What is expected – Every record is to be printed exactly as written; pictures are to be omitted.

(Saved data entries)
+---+

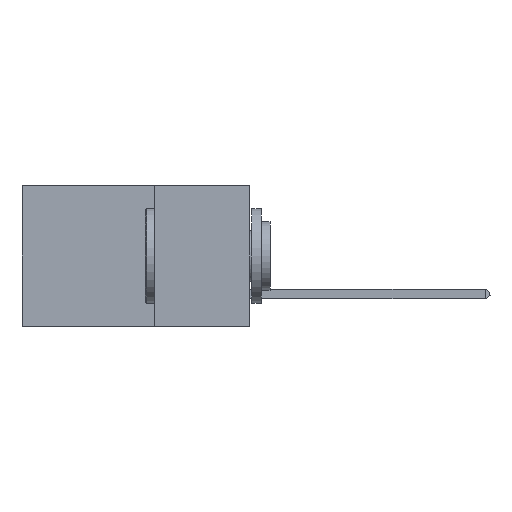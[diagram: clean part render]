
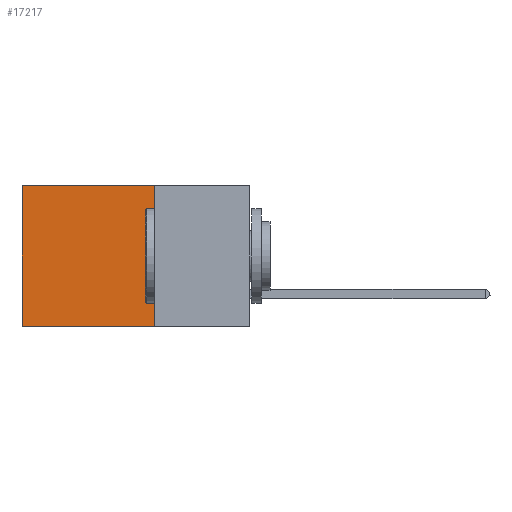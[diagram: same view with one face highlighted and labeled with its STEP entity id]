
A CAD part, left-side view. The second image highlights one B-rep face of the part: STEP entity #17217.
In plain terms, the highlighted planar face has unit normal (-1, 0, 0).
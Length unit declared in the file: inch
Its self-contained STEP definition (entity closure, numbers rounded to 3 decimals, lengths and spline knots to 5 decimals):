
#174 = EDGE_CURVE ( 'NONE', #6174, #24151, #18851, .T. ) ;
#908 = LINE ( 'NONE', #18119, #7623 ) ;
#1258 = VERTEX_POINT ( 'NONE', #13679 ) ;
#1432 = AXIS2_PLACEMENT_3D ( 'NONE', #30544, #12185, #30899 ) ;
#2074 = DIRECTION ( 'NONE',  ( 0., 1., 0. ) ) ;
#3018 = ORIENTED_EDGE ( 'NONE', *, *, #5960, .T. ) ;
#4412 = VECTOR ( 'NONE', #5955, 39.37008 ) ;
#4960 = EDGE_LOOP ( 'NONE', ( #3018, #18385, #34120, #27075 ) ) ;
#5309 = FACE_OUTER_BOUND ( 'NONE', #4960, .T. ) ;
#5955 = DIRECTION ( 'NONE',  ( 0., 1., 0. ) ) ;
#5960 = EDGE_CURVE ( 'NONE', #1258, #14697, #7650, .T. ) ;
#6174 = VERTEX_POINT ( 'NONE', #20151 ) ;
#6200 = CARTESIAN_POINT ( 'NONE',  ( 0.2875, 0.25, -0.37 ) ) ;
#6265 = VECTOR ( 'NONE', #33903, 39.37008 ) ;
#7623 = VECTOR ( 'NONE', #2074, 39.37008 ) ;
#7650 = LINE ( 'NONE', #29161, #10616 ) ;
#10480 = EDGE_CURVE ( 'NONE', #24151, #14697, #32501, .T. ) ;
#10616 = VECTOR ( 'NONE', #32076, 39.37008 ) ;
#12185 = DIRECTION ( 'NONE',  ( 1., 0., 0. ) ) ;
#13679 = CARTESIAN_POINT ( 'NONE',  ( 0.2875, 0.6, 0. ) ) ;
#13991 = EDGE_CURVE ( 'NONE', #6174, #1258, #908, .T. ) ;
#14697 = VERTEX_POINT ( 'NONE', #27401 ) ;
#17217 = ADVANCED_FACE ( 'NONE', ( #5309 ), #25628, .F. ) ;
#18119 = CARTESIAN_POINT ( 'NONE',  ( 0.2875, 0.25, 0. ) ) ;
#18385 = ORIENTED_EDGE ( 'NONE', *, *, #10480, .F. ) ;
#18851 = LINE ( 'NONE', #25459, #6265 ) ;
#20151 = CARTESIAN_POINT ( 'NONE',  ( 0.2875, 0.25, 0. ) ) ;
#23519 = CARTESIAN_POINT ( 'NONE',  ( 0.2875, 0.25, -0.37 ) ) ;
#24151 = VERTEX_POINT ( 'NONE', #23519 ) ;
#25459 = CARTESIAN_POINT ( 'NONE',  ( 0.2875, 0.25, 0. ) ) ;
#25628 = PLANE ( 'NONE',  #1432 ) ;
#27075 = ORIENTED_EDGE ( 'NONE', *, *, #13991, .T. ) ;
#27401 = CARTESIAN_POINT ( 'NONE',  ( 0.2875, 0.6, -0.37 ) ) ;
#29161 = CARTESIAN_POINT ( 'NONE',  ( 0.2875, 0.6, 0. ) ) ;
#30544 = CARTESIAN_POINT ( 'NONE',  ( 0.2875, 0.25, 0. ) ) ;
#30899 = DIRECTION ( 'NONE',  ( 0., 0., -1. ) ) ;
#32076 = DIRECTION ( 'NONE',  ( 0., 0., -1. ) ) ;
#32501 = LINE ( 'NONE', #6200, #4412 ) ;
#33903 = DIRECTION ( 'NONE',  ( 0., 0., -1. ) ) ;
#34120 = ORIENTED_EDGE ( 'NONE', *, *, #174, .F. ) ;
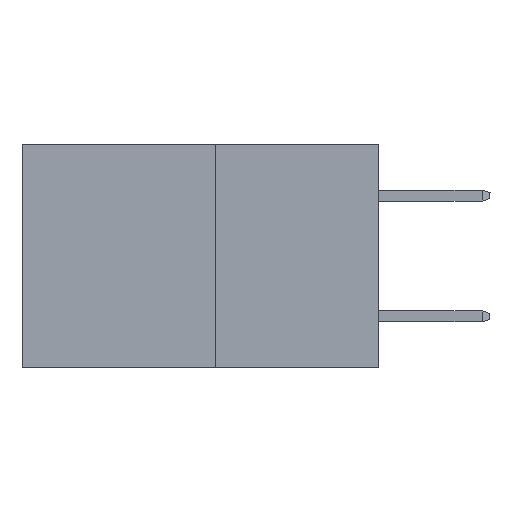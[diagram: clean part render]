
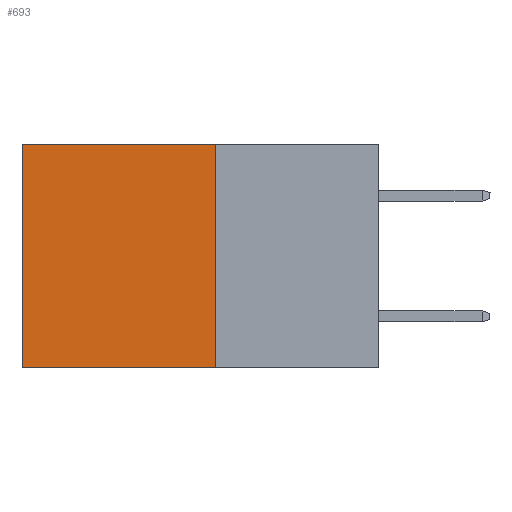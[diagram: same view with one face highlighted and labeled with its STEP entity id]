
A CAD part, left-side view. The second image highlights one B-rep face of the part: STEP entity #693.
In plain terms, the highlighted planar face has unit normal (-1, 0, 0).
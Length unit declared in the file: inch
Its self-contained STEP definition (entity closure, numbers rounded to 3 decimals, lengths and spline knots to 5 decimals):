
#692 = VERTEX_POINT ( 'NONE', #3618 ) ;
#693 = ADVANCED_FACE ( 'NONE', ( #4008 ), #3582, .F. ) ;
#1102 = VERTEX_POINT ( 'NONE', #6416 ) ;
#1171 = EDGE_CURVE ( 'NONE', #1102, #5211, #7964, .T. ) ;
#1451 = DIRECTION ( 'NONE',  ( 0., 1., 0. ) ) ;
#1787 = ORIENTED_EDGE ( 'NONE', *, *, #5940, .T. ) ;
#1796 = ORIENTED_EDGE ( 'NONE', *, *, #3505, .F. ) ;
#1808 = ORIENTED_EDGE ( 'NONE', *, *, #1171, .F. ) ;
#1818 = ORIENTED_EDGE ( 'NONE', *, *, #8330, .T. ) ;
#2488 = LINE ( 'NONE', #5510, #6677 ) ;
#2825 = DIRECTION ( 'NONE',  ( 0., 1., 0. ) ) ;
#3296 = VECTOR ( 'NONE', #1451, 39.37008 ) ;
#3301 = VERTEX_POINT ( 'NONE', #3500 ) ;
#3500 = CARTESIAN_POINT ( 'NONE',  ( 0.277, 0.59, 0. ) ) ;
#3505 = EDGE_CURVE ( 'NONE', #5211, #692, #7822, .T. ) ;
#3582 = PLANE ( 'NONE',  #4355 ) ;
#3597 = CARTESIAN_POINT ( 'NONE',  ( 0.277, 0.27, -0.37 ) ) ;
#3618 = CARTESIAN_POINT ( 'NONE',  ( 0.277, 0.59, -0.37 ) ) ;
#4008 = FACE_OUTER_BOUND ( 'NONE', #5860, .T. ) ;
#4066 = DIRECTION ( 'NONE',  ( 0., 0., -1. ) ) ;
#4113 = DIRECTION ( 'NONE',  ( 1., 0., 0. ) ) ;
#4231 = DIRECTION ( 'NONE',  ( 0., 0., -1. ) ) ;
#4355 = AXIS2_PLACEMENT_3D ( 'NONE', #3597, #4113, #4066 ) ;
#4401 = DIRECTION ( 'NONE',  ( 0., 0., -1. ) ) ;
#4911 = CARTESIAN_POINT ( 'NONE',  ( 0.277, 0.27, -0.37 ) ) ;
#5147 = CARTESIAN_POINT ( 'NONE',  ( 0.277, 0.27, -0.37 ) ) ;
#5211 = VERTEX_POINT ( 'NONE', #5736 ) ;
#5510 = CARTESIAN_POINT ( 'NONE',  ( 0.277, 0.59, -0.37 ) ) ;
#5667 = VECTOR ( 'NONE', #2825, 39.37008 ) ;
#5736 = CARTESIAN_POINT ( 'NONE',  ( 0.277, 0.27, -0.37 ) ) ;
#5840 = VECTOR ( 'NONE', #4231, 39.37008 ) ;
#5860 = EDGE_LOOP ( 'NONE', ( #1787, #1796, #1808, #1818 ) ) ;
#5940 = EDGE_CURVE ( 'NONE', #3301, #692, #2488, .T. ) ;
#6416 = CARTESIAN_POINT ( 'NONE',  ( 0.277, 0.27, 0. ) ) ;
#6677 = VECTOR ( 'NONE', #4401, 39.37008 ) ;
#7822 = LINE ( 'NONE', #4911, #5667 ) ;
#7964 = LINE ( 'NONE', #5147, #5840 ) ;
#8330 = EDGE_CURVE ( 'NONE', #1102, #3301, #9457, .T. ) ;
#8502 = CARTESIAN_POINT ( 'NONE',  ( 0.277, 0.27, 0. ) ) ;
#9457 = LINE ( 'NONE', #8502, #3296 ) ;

+---+

Expected answer –
[diagram: clean part render]
[diagram: same view with one face highlighted and labeled with its STEP entity id]
A CAD part, left-side view. The second image highlights one B-rep face of the part: STEP entity #17217.
In plain terms, the highlighted planar face has unit normal (-1, 0, 0).
Length unit declared in the file: inch
Its self-contained STEP definition (entity closure, numbers rounded to 3 decimals, lengths and spline knots to 5 decimals):
#174 = EDGE_CURVE ( 'NONE', #6174, #24151, #18851, .T. ) ;
#908 = LINE ( 'NONE', #18119, #7623 ) ;
#1258 = VERTEX_POINT ( 'NONE', #13679 ) ;
#1432 = AXIS2_PLACEMENT_3D ( 'NONE', #30544, #12185, #30899 ) ;
#2074 = DIRECTION ( 'NONE',  ( 0., 1., 0. ) ) ;
#3018 = ORIENTED_EDGE ( 'NONE', *, *, #5960, .T. ) ;
#4412 = VECTOR ( 'NONE', #5955, 39.37008 ) ;
#4960 = EDGE_LOOP ( 'NONE', ( #3018, #18385, #34120, #27075 ) ) ;
#5309 = FACE_OUTER_BOUND ( 'NONE', #4960, .T. ) ;
#5955 = DIRECTION ( 'NONE',  ( 0., 1., 0. ) ) ;
#5960 = EDGE_CURVE ( 'NONE', #1258, #14697, #7650, .T. ) ;
#6174 = VERTEX_POINT ( 'NONE', #20151 ) ;
#6200 = CARTESIAN_POINT ( 'NONE',  ( 0.2875, 0.25, -0.37 ) ) ;
#6265 = VECTOR ( 'NONE', #33903, 39.37008 ) ;
#7623 = VECTOR ( 'NONE', #2074, 39.37008 ) ;
#7650 = LINE ( 'NONE', #29161, #10616 ) ;
#10480 = EDGE_CURVE ( 'NONE', #24151, #14697, #32501, .T. ) ;
#10616 = VECTOR ( 'NONE', #32076, 39.37008 ) ;
#12185 = DIRECTION ( 'NONE',  ( 1., 0., 0. ) ) ;
#13679 = CARTESIAN_POINT ( 'NONE',  ( 0.2875, 0.6, 0. ) ) ;
#13991 = EDGE_CURVE ( 'NONE', #6174, #1258, #908, .T. ) ;
#14697 = VERTEX_POINT ( 'NONE', #27401 ) ;
#17217 = ADVANCED_FACE ( 'NONE', ( #5309 ), #25628, .F. ) ;
#18119 = CARTESIAN_POINT ( 'NONE',  ( 0.2875, 0.25, 0. ) ) ;
#18385 = ORIENTED_EDGE ( 'NONE', *, *, #10480, .F. ) ;
#18851 = LINE ( 'NONE', #25459, #6265 ) ;
#20151 = CARTESIAN_POINT ( 'NONE',  ( 0.2875, 0.25, 0. ) ) ;
#23519 = CARTESIAN_POINT ( 'NONE',  ( 0.2875, 0.25, -0.37 ) ) ;
#24151 = VERTEX_POINT ( 'NONE', #23519 ) ;
#25459 = CARTESIAN_POINT ( 'NONE',  ( 0.2875, 0.25, 0. ) ) ;
#25628 = PLANE ( 'NONE',  #1432 ) ;
#27075 = ORIENTED_EDGE ( 'NONE', *, *, #13991, .T. ) ;
#27401 = CARTESIAN_POINT ( 'NONE',  ( 0.2875, 0.6, -0.37 ) ) ;
#29161 = CARTESIAN_POINT ( 'NONE',  ( 0.2875, 0.6, 0. ) ) ;
#30544 = CARTESIAN_POINT ( 'NONE',  ( 0.2875, 0.25, 0. ) ) ;
#30899 = DIRECTION ( 'NONE',  ( 0., 0., -1. ) ) ;
#32076 = DIRECTION ( 'NONE',  ( 0., 0., -1. ) ) ;
#32501 = LINE ( 'NONE', #6200, #4412 ) ;
#33903 = DIRECTION ( 'NONE',  ( 0., 0., -1. ) ) ;
#34120 = ORIENTED_EDGE ( 'NONE', *, *, #174, .F. ) ;
[diagram: clean part render]
[diagram: same view with one face highlighted and labeled with its STEP entity id]
A CAD part, left-side view. The second image highlights one B-rep face of the part: STEP entity #693.
In plain terms, the highlighted planar face has unit normal (-1, 0, 0).
Length unit declared in the file: inch
Its self-contained STEP definition (entity closure, numbers rounded to 3 decimals, lengths and spline knots to 5 decimals):
#692 = VERTEX_POINT ( 'NONE', #3618 ) ;
#693 = ADVANCED_FACE ( 'NONE', ( #4008 ), #3582, .F. ) ;
#1102 = VERTEX_POINT ( 'NONE', #6416 ) ;
#1171 = EDGE_CURVE ( 'NONE', #1102, #5211, #7964, .T. ) ;
#1451 = DIRECTION ( 'NONE',  ( 0., 1., 0. ) ) ;
#1787 = ORIENTED_EDGE ( 'NONE', *, *, #5940, .T. ) ;
#1796 = ORIENTED_EDGE ( 'NONE', *, *, #3505, .F. ) ;
#1808 = ORIENTED_EDGE ( 'NONE', *, *, #1171, .F. ) ;
#1818 = ORIENTED_EDGE ( 'NONE', *, *, #8330, .T. ) ;
#2488 = LINE ( 'NONE', #5510, #6677 ) ;
#2825 = DIRECTION ( 'NONE',  ( 0., 1., 0. ) ) ;
#3296 = VECTOR ( 'NONE', #1451, 39.37008 ) ;
#3301 = VERTEX_POINT ( 'NONE', #3500 ) ;
#3500 = CARTESIAN_POINT ( 'NONE',  ( 0.277, 0.59, 0. ) ) ;
#3505 = EDGE_CURVE ( 'NONE', #5211, #692, #7822, .T. ) ;
#3582 = PLANE ( 'NONE',  #4355 ) ;
#3597 = CARTESIAN_POINT ( 'NONE',  ( 0.277, 0.27, -0.37 ) ) ;
#3618 = CARTESIAN_POINT ( 'NONE',  ( 0.277, 0.59, -0.37 ) ) ;
#4008 = FACE_OUTER_BOUND ( 'NONE', #5860, .T. ) ;
#4066 = DIRECTION ( 'NONE',  ( 0., 0., -1. ) ) ;
#4113 = DIRECTION ( 'NONE',  ( 1., 0., 0. ) ) ;
#4231 = DIRECTION ( 'NONE',  ( 0., 0., -1. ) ) ;
#4355 = AXIS2_PLACEMENT_3D ( 'NONE', #3597, #4113, #4066 ) ;
#4401 = DIRECTION ( 'NONE',  ( 0., 0., -1. ) ) ;
#4911 = CARTESIAN_POINT ( 'NONE',  ( 0.277, 0.27, -0.37 ) ) ;
#5147 = CARTESIAN_POINT ( 'NONE',  ( 0.277, 0.27, -0.37 ) ) ;
#5211 = VERTEX_POINT ( 'NONE', #5736 ) ;
#5510 = CARTESIAN_POINT ( 'NONE',  ( 0.277, 0.59, -0.37 ) ) ;
#5667 = VECTOR ( 'NONE', #2825, 39.37008 ) ;
#5736 = CARTESIAN_POINT ( 'NONE',  ( 0.277, 0.27, -0.37 ) ) ;
#5840 = VECTOR ( 'NONE', #4231, 39.37008 ) ;
#5860 = EDGE_LOOP ( 'NONE', ( #1787, #1796, #1808, #1818 ) ) ;
#5940 = EDGE_CURVE ( 'NONE', #3301, #692, #2488, .T. ) ;
#6416 = CARTESIAN_POINT ( 'NONE',  ( 0.277, 0.27, 0. ) ) ;
#6677 = VECTOR ( 'NONE', #4401, 39.37008 ) ;
#7822 = LINE ( 'NONE', #4911, #5667 ) ;
#7964 = LINE ( 'NONE', #5147, #5840 ) ;
#8330 = EDGE_CURVE ( 'NONE', #1102, #3301, #9457, .T. ) ;
#8502 = CARTESIAN_POINT ( 'NONE',  ( 0.277, 0.27, 0. ) ) ;
#9457 = LINE ( 'NONE', #8502, #3296 ) ;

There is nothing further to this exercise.